• [Task to carry out]:
Scan the entries for lines with the word "diagram", then copy those lines.

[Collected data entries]
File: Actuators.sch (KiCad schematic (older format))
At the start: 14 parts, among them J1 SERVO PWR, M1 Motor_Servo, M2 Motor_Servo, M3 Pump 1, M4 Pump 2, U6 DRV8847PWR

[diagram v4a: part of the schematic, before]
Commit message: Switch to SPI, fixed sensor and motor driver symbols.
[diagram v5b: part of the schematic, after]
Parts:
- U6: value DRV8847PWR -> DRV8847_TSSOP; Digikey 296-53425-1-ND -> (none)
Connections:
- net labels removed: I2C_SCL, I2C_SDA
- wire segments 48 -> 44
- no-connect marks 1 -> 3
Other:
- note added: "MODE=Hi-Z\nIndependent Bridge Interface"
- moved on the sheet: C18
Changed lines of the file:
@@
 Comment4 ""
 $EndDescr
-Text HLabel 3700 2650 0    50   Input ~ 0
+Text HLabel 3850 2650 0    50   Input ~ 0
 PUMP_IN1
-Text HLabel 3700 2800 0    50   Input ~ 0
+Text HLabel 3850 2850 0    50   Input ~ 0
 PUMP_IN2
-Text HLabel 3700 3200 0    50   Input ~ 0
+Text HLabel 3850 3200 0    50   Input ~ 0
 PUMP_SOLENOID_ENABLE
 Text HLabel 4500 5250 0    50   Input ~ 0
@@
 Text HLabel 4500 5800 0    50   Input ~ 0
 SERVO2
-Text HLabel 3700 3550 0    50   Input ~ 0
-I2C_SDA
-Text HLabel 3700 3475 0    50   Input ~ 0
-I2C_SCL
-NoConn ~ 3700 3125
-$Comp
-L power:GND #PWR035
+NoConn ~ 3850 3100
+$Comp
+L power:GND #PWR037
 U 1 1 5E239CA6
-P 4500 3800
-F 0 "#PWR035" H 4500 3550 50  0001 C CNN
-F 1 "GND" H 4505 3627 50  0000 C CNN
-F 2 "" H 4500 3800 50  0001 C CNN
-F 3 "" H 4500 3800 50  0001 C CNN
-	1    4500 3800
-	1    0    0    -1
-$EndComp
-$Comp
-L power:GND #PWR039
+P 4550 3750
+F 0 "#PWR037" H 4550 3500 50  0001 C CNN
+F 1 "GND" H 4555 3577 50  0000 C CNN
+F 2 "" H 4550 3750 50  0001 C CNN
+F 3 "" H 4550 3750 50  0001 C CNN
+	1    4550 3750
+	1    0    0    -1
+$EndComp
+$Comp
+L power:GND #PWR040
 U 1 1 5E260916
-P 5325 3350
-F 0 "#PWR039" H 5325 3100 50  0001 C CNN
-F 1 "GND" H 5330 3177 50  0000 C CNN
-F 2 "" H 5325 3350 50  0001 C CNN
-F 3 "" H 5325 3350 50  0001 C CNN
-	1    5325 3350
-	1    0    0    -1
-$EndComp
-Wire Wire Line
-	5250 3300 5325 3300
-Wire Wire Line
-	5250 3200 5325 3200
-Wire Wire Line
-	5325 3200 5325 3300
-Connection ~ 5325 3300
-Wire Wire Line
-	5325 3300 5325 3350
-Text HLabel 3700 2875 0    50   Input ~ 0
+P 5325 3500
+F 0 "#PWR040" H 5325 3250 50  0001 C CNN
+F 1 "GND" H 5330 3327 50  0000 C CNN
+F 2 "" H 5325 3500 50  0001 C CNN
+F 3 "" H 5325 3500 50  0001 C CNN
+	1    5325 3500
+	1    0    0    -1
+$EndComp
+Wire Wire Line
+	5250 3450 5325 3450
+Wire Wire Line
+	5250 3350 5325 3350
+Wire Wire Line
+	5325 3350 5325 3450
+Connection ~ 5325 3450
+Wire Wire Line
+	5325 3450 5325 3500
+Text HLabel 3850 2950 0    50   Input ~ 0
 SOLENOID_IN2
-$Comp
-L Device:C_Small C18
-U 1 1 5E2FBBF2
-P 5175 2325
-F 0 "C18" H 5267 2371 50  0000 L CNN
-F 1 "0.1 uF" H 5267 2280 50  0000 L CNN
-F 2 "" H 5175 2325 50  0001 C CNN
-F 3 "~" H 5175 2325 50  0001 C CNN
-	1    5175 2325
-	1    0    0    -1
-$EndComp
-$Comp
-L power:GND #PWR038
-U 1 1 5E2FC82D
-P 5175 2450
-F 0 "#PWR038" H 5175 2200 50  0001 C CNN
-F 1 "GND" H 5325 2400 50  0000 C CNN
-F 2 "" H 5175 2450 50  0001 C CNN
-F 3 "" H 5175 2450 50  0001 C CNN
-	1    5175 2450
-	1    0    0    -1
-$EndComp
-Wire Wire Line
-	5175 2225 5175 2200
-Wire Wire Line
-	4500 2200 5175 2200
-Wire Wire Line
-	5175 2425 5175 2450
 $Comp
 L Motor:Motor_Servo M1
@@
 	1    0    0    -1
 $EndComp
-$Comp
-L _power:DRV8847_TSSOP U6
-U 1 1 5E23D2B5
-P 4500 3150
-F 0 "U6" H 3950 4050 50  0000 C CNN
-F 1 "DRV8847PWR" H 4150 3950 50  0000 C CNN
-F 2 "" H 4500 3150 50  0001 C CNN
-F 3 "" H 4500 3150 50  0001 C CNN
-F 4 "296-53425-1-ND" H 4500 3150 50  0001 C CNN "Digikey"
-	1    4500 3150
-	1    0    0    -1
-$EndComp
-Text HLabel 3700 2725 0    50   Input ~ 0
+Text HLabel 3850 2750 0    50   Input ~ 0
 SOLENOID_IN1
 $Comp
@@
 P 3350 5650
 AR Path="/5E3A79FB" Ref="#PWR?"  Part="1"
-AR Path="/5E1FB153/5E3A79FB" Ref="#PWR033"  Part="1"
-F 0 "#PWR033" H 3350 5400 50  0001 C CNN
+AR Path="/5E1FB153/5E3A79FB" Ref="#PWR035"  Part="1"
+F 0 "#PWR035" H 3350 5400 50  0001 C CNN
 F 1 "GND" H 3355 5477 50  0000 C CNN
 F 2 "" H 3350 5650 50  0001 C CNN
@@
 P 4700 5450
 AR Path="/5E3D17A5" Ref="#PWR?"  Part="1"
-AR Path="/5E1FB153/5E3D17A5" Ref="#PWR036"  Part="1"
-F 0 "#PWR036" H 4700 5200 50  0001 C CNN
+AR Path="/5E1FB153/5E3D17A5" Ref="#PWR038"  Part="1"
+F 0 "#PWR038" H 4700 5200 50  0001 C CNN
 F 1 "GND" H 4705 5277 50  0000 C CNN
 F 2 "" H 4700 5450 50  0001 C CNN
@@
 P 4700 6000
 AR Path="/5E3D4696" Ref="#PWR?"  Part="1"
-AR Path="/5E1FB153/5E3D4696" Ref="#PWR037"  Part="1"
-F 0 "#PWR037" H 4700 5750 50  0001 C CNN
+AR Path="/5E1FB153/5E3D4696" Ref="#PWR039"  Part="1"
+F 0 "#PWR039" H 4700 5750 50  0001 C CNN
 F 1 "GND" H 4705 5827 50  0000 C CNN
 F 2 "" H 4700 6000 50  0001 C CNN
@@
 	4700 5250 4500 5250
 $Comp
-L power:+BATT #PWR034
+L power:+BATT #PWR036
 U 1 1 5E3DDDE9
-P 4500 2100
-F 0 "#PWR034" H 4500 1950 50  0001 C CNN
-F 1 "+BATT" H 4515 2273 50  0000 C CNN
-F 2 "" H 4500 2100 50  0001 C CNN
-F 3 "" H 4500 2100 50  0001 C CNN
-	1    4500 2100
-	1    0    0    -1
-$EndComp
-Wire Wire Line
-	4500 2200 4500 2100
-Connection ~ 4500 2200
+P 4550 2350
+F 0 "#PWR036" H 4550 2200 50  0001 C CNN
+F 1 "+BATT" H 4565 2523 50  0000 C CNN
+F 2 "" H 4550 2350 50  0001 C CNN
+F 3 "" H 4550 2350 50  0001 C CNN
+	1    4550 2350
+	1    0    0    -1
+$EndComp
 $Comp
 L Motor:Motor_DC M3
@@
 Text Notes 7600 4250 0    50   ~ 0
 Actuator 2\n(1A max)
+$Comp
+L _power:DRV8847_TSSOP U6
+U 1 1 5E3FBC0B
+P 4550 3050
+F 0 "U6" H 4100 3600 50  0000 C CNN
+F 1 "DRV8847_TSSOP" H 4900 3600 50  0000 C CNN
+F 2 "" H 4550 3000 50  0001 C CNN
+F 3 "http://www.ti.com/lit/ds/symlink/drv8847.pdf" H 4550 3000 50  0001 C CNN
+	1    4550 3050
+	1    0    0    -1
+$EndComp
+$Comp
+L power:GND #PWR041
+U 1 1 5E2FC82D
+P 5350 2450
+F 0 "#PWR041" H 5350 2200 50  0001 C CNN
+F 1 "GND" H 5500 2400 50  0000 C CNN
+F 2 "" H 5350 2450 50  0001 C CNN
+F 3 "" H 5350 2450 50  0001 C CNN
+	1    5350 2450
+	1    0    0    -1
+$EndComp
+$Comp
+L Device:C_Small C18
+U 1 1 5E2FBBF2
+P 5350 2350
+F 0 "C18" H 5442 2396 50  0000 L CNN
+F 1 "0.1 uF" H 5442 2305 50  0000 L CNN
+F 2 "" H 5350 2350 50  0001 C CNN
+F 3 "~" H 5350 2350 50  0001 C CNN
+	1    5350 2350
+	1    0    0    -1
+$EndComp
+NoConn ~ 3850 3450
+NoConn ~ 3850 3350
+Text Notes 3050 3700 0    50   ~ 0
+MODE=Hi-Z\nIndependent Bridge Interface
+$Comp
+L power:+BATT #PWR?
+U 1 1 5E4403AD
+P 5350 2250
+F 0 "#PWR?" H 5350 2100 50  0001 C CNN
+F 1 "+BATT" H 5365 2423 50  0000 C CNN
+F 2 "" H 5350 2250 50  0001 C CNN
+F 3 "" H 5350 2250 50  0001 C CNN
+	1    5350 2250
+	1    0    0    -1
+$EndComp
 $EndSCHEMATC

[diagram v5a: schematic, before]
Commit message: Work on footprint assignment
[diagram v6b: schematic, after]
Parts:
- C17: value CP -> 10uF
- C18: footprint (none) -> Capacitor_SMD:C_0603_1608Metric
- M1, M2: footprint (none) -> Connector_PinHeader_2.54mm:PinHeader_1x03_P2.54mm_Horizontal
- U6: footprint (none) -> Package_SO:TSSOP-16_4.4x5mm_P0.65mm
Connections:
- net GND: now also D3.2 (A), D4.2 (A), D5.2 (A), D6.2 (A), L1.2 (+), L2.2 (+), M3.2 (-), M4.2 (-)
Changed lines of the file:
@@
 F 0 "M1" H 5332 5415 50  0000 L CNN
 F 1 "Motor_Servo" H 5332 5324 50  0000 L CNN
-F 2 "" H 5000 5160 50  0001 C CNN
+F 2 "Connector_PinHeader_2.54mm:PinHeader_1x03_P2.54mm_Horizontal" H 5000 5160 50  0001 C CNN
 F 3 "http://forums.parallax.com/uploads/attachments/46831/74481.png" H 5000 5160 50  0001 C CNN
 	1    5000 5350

• [Answer to this problem]:
[diagram v4a: part of the schematic, before]
[diagram v5b: part of the schematic, after]
[diagram v5a: schematic, before]
[diagram v6b: schematic, after]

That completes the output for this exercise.